TASK TO COMPLETE: First find the line with "-11.3276746799), (-583.9832928314, 111.2690665494))" in the entries below, then set down exactly every line through the line with "Line((-616.966, 659.4615525723), (-616.966, 761.0615525723))", that line included.

◆ ◆ ◆

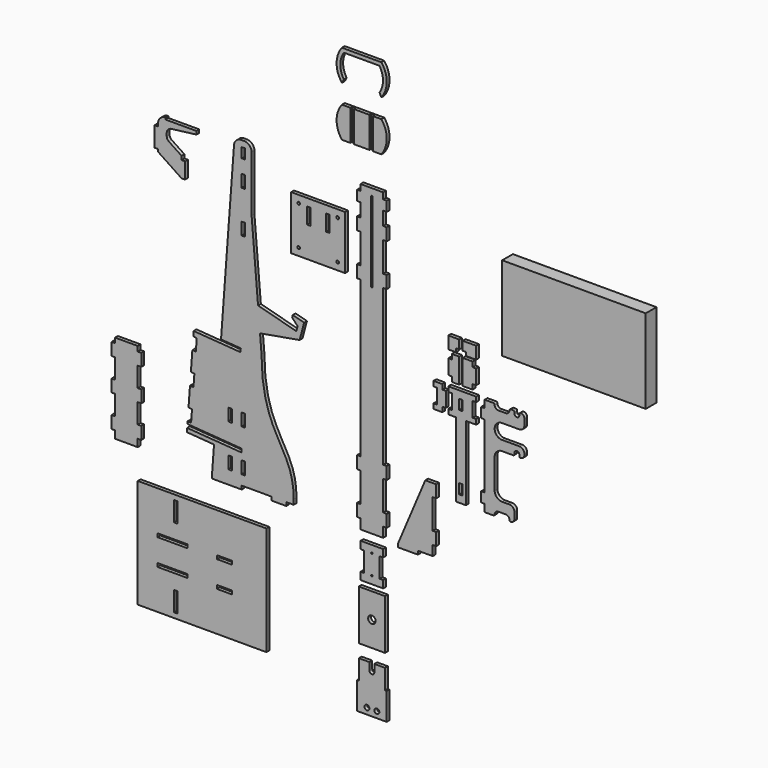
from build123d import *

# Parameters (mm, degrees)
F1_W     = 18.034
F1_H     = 63.5
F1_W_2   = 101.6
F1_H_2   = 18.034
F2_DEPTH = 18.034
F1_H_3   = 50.8
F1_W_3   = 152.4
F1_W_4   = 76.2
F1_W_5   = 276.2
F1_H_4   = 276.2
F1_R     = 6.985
F1_H_5   = 82.55
F1_R_2   = 12.7
F1_W_6   = 8.8265
F1_H_6   = 139.7
F1_W_7   = 9.2075
F1_H_7   = 101.6
F1_W_8   = 79.883
F1_H_8   = 158.75
F1_R_3   = 3.81
F1_W_9   = 134.366
F1_H_9   = 256.286
F1_R_4   = 19.05
F3_DEPTH = 9.017
F1_W_10  = 736.6
F1_H_10  = 431.8
F4_DEPTH = 68.58
F6_DEPTH = 18.034
F5_W     = 18.034
F5_H     = 50.8
F5_H_2   = 25.4
F5_H_3   = 76.2


# Not quite as in the source:
# - a variable given as a bare number and used for a length is read in inches; the dataset says mm whatever the document's units were


with BuildPart() as f2:
    # F1 (on Front) → F2 (new body)
    with BuildSketch(Plane.XZ):
        Polygon((312.166, -462.8884474277), (312.166, -399.3884474277), (274.066, -399.3884474277), (134.366, -729.5884474277), (235.966, -729.5884474277), (312.166, -729.5884474277), (312.166, -678.7884474277), (312.166, -615.2884474277), align=None)
        with Locations((321.183, -431.1384474277)):
            Rectangle(F1_W, F1_H)
        with Locations((321.183, -647.0384474277)):
            Rectangle(F1_W, F1_H)
        with Locations((185.166, -738.6054474277)):
            Rectangle(F1_W_2, F1_H_2)
    extrude(amount=F2_DEPTH)


with BuildPart() as f2b:
    # F1 (on Front) → F2, piece 2 (new body)
    with BuildSketch(Plane.XZ):
        with Locations((-1326.515, -329.5384474277)):
            Rectangle(F1_W, F1_H)
        with Locations((-1326.515, -494.6384474277)):
            Rectangle(F1_W, F1_H)
        with Locations((-1192.149, -494.6384474277)):
            Rectangle(F1_W, F1_H)
        with Locations((-1192.149, -329.5384474277)):
            Rectangle(F1_W, F1_H)
        Polygon((-1317.498, -729.5884474277), (-1201.166, -729.5884474277), (-1201.166, -691.4884474277), (-1201.166, -627.9884474277), (-1201.166, -526.3884474277), (-1201.166, -462.8884474277), (-1201.166, -361.2884474277), (-1201.166, -297.7884474277), (-1201.166, -272.3884474277), (-1317.498, -272.3884474277), (-1317.498, -297.7884474277), (-1317.498, -361.2884474277), (-1317.498, -462.8884474277), (-1317.498, -526.3884474277), (-1317.498, -627.9884474277), (-1317.498, -691.4884474277), align=None)
        with Locations((-1326.515, -659.7384474277)):
            Rectangle(F1_W, F1_H)
        with Locations((-1192.149, -659.7384474277)):
            Rectangle(F1_W, F1_H)
    extrude(amount=F2_DEPTH)


with BuildPart() as f2c:
    # F1 (on Front) → F2, piece 3 (new body)
    with BuildSketch(Plane.XZ):
        with BuildLine():
            Line((-707.3307957356, 795.6225112467), (-712.216, 729.5884474277))
            Line((-712.216, 729.5884474277), (-773.8601407698, -103.6649653974))
            Line((-773.8601407698, -103.6649653974), (-672.5370356253, -111.1608551959))
            Line((-672.5370356253, -111.1608551959), (-673.8675560645, -129.1457063591))
            Line((-673.8675560645, -129.1457063591), (-775.190661209, -121.6498165606))
            Line((-775.190661209, -121.6498165606), (-807.0481928526, -552.2730134248))
            Line((-807.0481928526, -552.2730134248), (-667.766, -562.5771189596))
            Line((-667.766, -562.5771189596), (-667.766, -580.6604021099))
            Line((-667.766, -580.6604021099), (-808.3787132919, -570.257864588))
            Line((-808.3787132919, -570.257864588), (-809.8591515271, -590.269177854))
            Line((-809.8591515271, -590.269177854), (-820.166, -729.5884474277))
            Line((-820.166, -729.5884474277), (-667.766, -729.5884474277))
            Line((-667.766, -729.5884474277), (-515.366, -729.5884474277))
            Line((-515.366, -729.5884474277), (-439.166, -729.5884474277))
            Line((-439.166, -729.5884474277), (-401.066, -729.5884474277))
            Line((-401.066, -729.5884474277), (-401.066, -704.1884474277))
            add(Edge.make_bspline(
                [(-566.166, -102.5384474277), (-566.166, -468.3954715729), (-401.066, -468.3954715729), (-401.066, -704.1884474277)],
                knots=[0, 0, 0, 0, 623.8916031652, 623.8916031652, 623.8916031652, 623.8916031652], degree=3))
            Line((-566.166, -102.5384474277), (-573.766897729, -11.3276746799))
            Line((-573.766897729, -11.3276746799), (-583.9832928314, 111.2690665494))
            Line((-583.9832928314, 111.2690665494), (-616.966, 507.0615525723))
            Line((-616.966, 507.0615525723), (-616.966, 544.2178131268))
            Line((-616.966, 544.2178131268), (-616.966, 627.7115525723))
            Line((-616.966, 627.7115525723), (-616.966, 659.4615525723))
            Line((-616.966, 659.4615525723), (-616.966, 761.0615525723))
            Line((-616.966, 761.0615525723), (-616.966, 792.8115525723))
            ThreePointArc((-616.966, 792.8115525723), (-628.1252316368, 819.7523209355), (-655.066, 830.9115525723))
            Line((-655.066, 830.9115525723), (-669.3346313064, 830.9115525723))
            ThreePointArc((-669.3346313064, 830.9115525723), (-695.2625359123, 820.7284607597), (-707.3307957356, 795.6225112467))
        make_face()
        with Locations((-727.583, -647.0384474277)):
            Rectangle(F1_W, F1_H, mode=Mode.SUBTRACT)
        with Locations((-658.749, -647.0384474277)):
            Rectangle(F1_W, F1_H, mode=Mode.SUBTRACT)
        with Locations((-727.583, -431.1384474277)):
            Rectangle(F1_W, F1_H, mode=Mode.SUBTRACT)
        with Locations((-658.749, -431.1384474277)):
            Rectangle(F1_W, F1_H, mode=Mode.SUBTRACT)
        with Locations((-658.749, 431.1384474277)):
            Rectangle(F1_W, F1_H, mode=Mode.SUBTRACT)
        with Locations((-658.749, 647.0384474277)):
            Rectangle(F1_W, F1_H, mode=Mode.SUBTRACT)
        with Locations((-658.749, 773.7615525723)):
            Rectangle(F1_W, F1_H_3, mode=Mode.SUBTRACT)
        Polygon((-387.7071649295, 58.6770365845), (-583.9832928314, 111.2690665494), (-573.766897729, -11.3276746799), (-370.5684031555, 24.5017023527), (-347.5593900459, 110.3725083098), (-405.8288655168, 125.9857672056), (-409.1158673896, 113.7185092117), (-381.1331611839, 83.2115525723), align=None)
        Polygon((-807.0481928526, -552.2730134248), (-775.190661209, -121.6498165606), (-914.5099307827, -111.3429680876), (-916.3839032324, -136.6737443738), (-898.3990520692, -138.004264813), (-903.0839831933, -201.3312055283), (-921.0688343564, -200.0006850891), (-928.5647241549, -301.3237902336), (-910.5798729918, -302.6543106729), (-915.2648041158, -365.9812513882), (-933.249655279, -364.650730949), (-940.7455450775, -465.9738360935), (-922.7606939143, -467.3043565327), (-927.4456250384, -530.631297248), (-945.4304762015, -529.3007768088), (-946.3674624264, -541.9661649519), align=None)
        Polygon((-809.8591515271, -590.269177854), (-808.3787132919, -570.257864588), (-947.6979828656, -559.951016115), (-949.1784211008, -579.9623293811), align=None)
        with Locations((-743.966, -738.6054474277)):
            Rectangle(F1_W_3, F1_H_2)
        with Locations((-477.266, -738.6054474277)):
            Rectangle(F1_W_4, F1_H_2)
    extrude(amount=F2_DEPTH)


with BuildPart() as f2d:
    # F1 (on Front) → F2, piece 4 (new body)
    with BuildSketch(Plane.XZ):
        with Locations((67.183, 647.0384474277)):
            Rectangle(F1_W, F1_H)
        with Locations((67.183, 431.1384474277)):
            Rectangle(F1_W, F1_H)
        with Locations((-67.183, 431.1384474277)):
            Rectangle(F1_W, F1_H)
        with Locations((-67.183, 647.0384474277)):
            Rectangle(F1_W, F1_H)
        with Locations((-67.183, -431.1384474277)):
            Rectangle(F1_W, F1_H)
        with Locations((-67.183, -647.0384474277)):
            Rectangle(F1_W, F1_H)
        with Locations((67.183, -647.0384474277)):
            Rectangle(F1_W, F1_H)
        with Locations((67.183, -431.1384474277)):
            Rectangle(F1_W, F1_H)
        Polygon((-58.166, -678.7884474277), (-58.166, -729.5884474277), (58.166, -729.5884474277), (58.166, -678.7884474277), (58.166, -615.2884474277), (58.166, -462.8884474277), (58.166, -399.3884474277), (58.166, 399.3884474277), (58.166, 462.8884474277), (58.166, 615.2884474277), (58.166, 678.7884474277), (58.166, 729.5884474277), (58.166, 748.3615525723), (58.166, 799.1615525723), (58.166, 830.9115525723), (-58.166, 830.9115525723), (-58.166, 799.1615525723), (-58.166, 748.3615525723), (-58.166, 729.5884474277), (-58.166, 678.7884474277), (-58.166, 615.2884474277), (-58.166, 462.8884474277), (-58.166, 399.3884474277), (-58.166, -399.3884474277), (-58.166, -462.8884474277), (-58.166, -615.2884474277), align=None)
        with BuildLine():
            Line((-3.81, 386.4115525723), (-3.81, 792.8115525723))
            ThreePointArc((-3.81, 792.8115525723), (0, 796.6215525723), (3.81, 792.8115525723))
            Line((3.81, 792.8115525723), (3.81, 386.4115525723))
            ThreePointArc((3.81, 386.4115525723), (0, 382.6015525723), (-3.81, 386.4115525723))
        make_face(mode=Mode.SUBTRACT)
        with Locations((-67.183, 773.7615525723)):
            Rectangle(F1_W, F1_H_3)
        with Locations((67.183, 773.7615525723)):
            Rectangle(F1_W, F1_H_3)
    extrude(amount=F2_DEPTH)


with BuildPart() as f2e:
    # F1 (on Front) → F2, piece 5 (new body)
    with BuildSketch(Plane.XZ):
        with Locations((-275.666, 540.4115525723)):
            Rectangle(F1_W_5, F1_H_4)
        with Locations((-375.666, 440.4115525723)):
            Circle(F1_R, mode=Mode.SUBTRACT)
        with Locations((-324.6245, 599.1365525723)):
            Rectangle(F1_W, F1_H_5, mode=Mode.SUBTRACT)
        with Locations((-375.666, 640.4115525723)):
            Circle(F1_R, mode=Mode.SUBTRACT)
        with Locations((-175.666, 440.4115525723)):
            Circle(F1_R, mode=Mode.SUBTRACT)
        with Locations((-226.7075, 599.1365525723)):
            Rectangle(F1_W, F1_H_5, mode=Mode.SUBTRACT)
        with Locations((-175.666, 640.4115525723)):
            Circle(F1_R, mode=Mode.SUBTRACT)
    extrude(amount=F2_DEPTH)


with BuildPart() as f2f:
    # F1 (on Front) → F2, piece 6 (new body)
    with BuildSketch(Plane.XZ):
        with BuildLine():
            ThreePointArc((-143.8170263099, 1275.6884474277), (-161.925, 1336.0134474277), (-143.8170263099, 1396.3384474277))
            Line((-143.8170263099, 1396.3384474277), (39.0420263099, 1396.3384474277))
            ThreePointArc((39.0420263099, 1396.3384474277), (57.15, 1336.0134474277), (39.0420263099, 1275.6884474277))
            Line((39.0420263099, 1275.6884474277), (48.7774866864, 1256.6384474277))
            ThreePointArc((48.7774866864, 1256.6384474277), (76.2, 1336.0134474277), (48.7774866864, 1415.3884474277))
            Line((48.7774866864, 1415.3884474277), (-153.5524866864, 1415.3884474277))
            ThreePointArc((-153.5524866864, 1415.3884474277), (-180.975, 1336.0134474277), (-153.5524866864, 1256.6384474277))
            Line((-153.5524866864, 1256.6384474277), (-143.8170263099, 1275.6884474277))
        make_face()
    extrude(amount=F2_DEPTH)


with BuildPart() as f2g:
    # F1 (on Front) → F2, piece 7 (new body)
    with BuildSketch(Plane.XZ):
        with BuildLine():
            Line((-12.5095, -1313.7884474277), (-66.9925, -1313.7884474277))
            Line((-66.9925, -1313.7884474277), (-66.9925, -1415.3884474277))
            Line((-66.9925, -1415.3884474277), (-66.9925, -1555.0884474277))
            Line((-66.9925, -1555.0884474277), (67.3735, -1555.0884474277))
            Line((67.3735, -1555.0884474277), (67.3735, -1415.3884474277))
            Line((67.3735, -1415.3884474277), (67.3735, -1313.7884474277))
            Line((67.3735, -1313.7884474277), (12.8905, -1313.7884474277))
            Line((12.8905, -1313.7884474277), (12.8905, -1351.8884474277))
            ThreePointArc((12.8905, -1351.8884474277), (0.1905, -1364.5884474277), (-12.5095, -1351.8884474277))
            Line((-12.5095, -1351.8884474277), (-12.5095, -1313.7884474277))
        make_face()
        with Locations((-25.2095, -1523.3384474277)):
            Circle(F1_R_2, mode=Mode.SUBTRACT)
        with Locations((25.5905, -1523.3384474277)):
            Circle(F1_R_2, mode=Mode.SUBTRACT)
        with Locations((71.78675, -1485.2384474277)):
            Rectangle(F1_W_6, F1_H_6)
        with Locations((-71.59625, -1485.2384474277)):
            Rectangle(F1_W_7, F1_H_6)
    extrude(amount=F2_DEPTH)


with BuildPart() as f2h:
    # F1 (on Front) → F2, piece 8 (new body)
    with BuildSketch(Plane.XZ):
        with BuildLine():
            Line((-976.2594103813, 640.4115525723), (-976.2594103813, 659.4615525723))
            Line((-976.2594103813, 659.4615525723), (-1041.1487953654, 702.7211425617))
            ThreePointArc((-1041.1487953654, 702.7211425617), (-1049.45394519, 711.8700287293), (-1052.4594103813, 723.8552200379))
            Line((-1052.4594103813, 723.8552200379), (-1052.4594103813, 738.6388842214))
            ThreePointArc((-1052.4594103813, 738.6388842214), (-1046.101236047, 755.4486693276), (-1030.2098926399, 763.8427422899))
            Line((-1030.2098926399, 763.8427422899), (-900.0594103813, 780.1115525723))
            Line((-900.0594103813, 780.1115525723), (-900.0594103813, 796.4945525723))
            Line((-900.0594103813, 796.4945525723), (-1058.8094103813, 796.4945525723))
            Line((-1058.8094103813, 796.4945525723), (-1058.8094103813, 805.5115525723))
            ThreePointArc((-1058.8094103813, 805.5115525723), (-1085.7501787445, 794.3523209355), (-1096.9094103813, 767.4115525723))
            Line((-1096.9094103813, 767.4115525723), (-1096.9094103813, 752.5948859056))
            Line((-1096.9094103813, 752.5948859056), (-1096.9094103813, 650.9948859056))
            Line((-1096.9094103813, 650.9948859056), (-1096.9094103813, 638.2948859056))
            Line((-1096.9094103813, 638.2948859056), (-976.2594103813, 557.8615525723))
            Line((-976.2594103813, 557.8615525723), (-958.2254103813, 557.8615525723))
            Line((-958.2254103813, 557.8615525723), (-958.2254103813, 640.4115525723))
            Line((-958.2254103813, 640.4115525723), (-976.2594103813, 640.4115525723))
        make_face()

◆ ◆ ◆

EXERCISE RESPONSE:
            Line((-573.766897729, -11.3276746799), (-583.9832928314, 111.2690665494))
            Line((-583.9832928314, 111.2690665494), (-616.966, 507.0615525723))
            Line((-616.966, 507.0615525723), (-616.966, 544.2178131268))
            Line((-616.966, 544.2178131268), (-616.966, 627.7115525723))
            Line((-616.966, 627.7115525723), (-616.966, 659.4615525723))
            Line((-616.966, 659.4615525723), (-616.966, 761.0615525723))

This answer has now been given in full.